TASK REQUIREMENTS
The lines from the start of the records below through the line containing "settings Model: Creator=ПК" are to be copied exactly, both ends included, with nothing added.

(Stored dataset items)
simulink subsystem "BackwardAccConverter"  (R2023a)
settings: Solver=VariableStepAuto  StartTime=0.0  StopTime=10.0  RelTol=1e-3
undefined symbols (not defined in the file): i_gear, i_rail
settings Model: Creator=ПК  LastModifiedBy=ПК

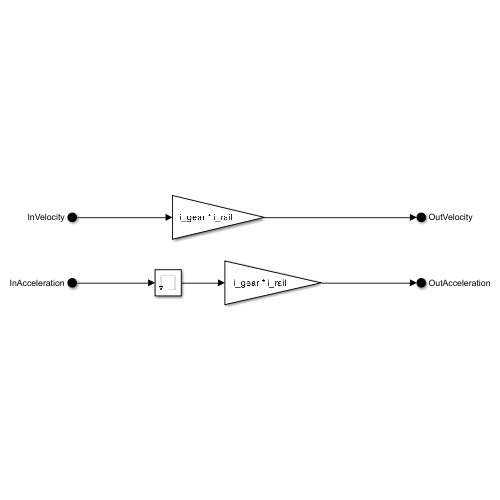
[thumbnail: Simulink's stored preview of the top-level diagram]
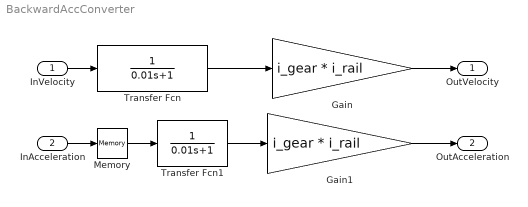
== system BackwardAccConverter ==
  InVelocity : Inport
  InAcceleration : Inport  Port=2
  Gain : Gain  Gain=i_gear * i_rail
  Gain1 : Gain  Gain=i_gear * i_rail
  Memory : Memory
  Transfer Fcn : TransferFcn  Denominator=[0.01 1]
  Transfer Fcn1 : TransferFcn  Denominator=[0.01 1]
  OutVelocity : Outport
  OutAcceleration : Outport  Port=2
  wires:
  InAcceleration/1 -> Memory/1
  Gain1/1 -> OutAcceleration/1
  Gain/1 -> OutVelocity/1
  Memory/1 -> Transfer Fcn1/1
  InVelocity/1 -> Transfer Fcn/1
  Transfer Fcn/1 -> Gain/1
  Transfer Fcn1/1 -> Gain1/1

RESULT OF THIS TASK
simulink subsystem "BackwardAccConverter"  (R2023a)
settings: Solver=VariableStepAuto  StartTime=0.0  StopTime=10.0  RelTol=1e-3
undefined symbols (not defined in the file): i_gear, i_rail
settings Model: Creator=ПК  LastModifiedBy=ПК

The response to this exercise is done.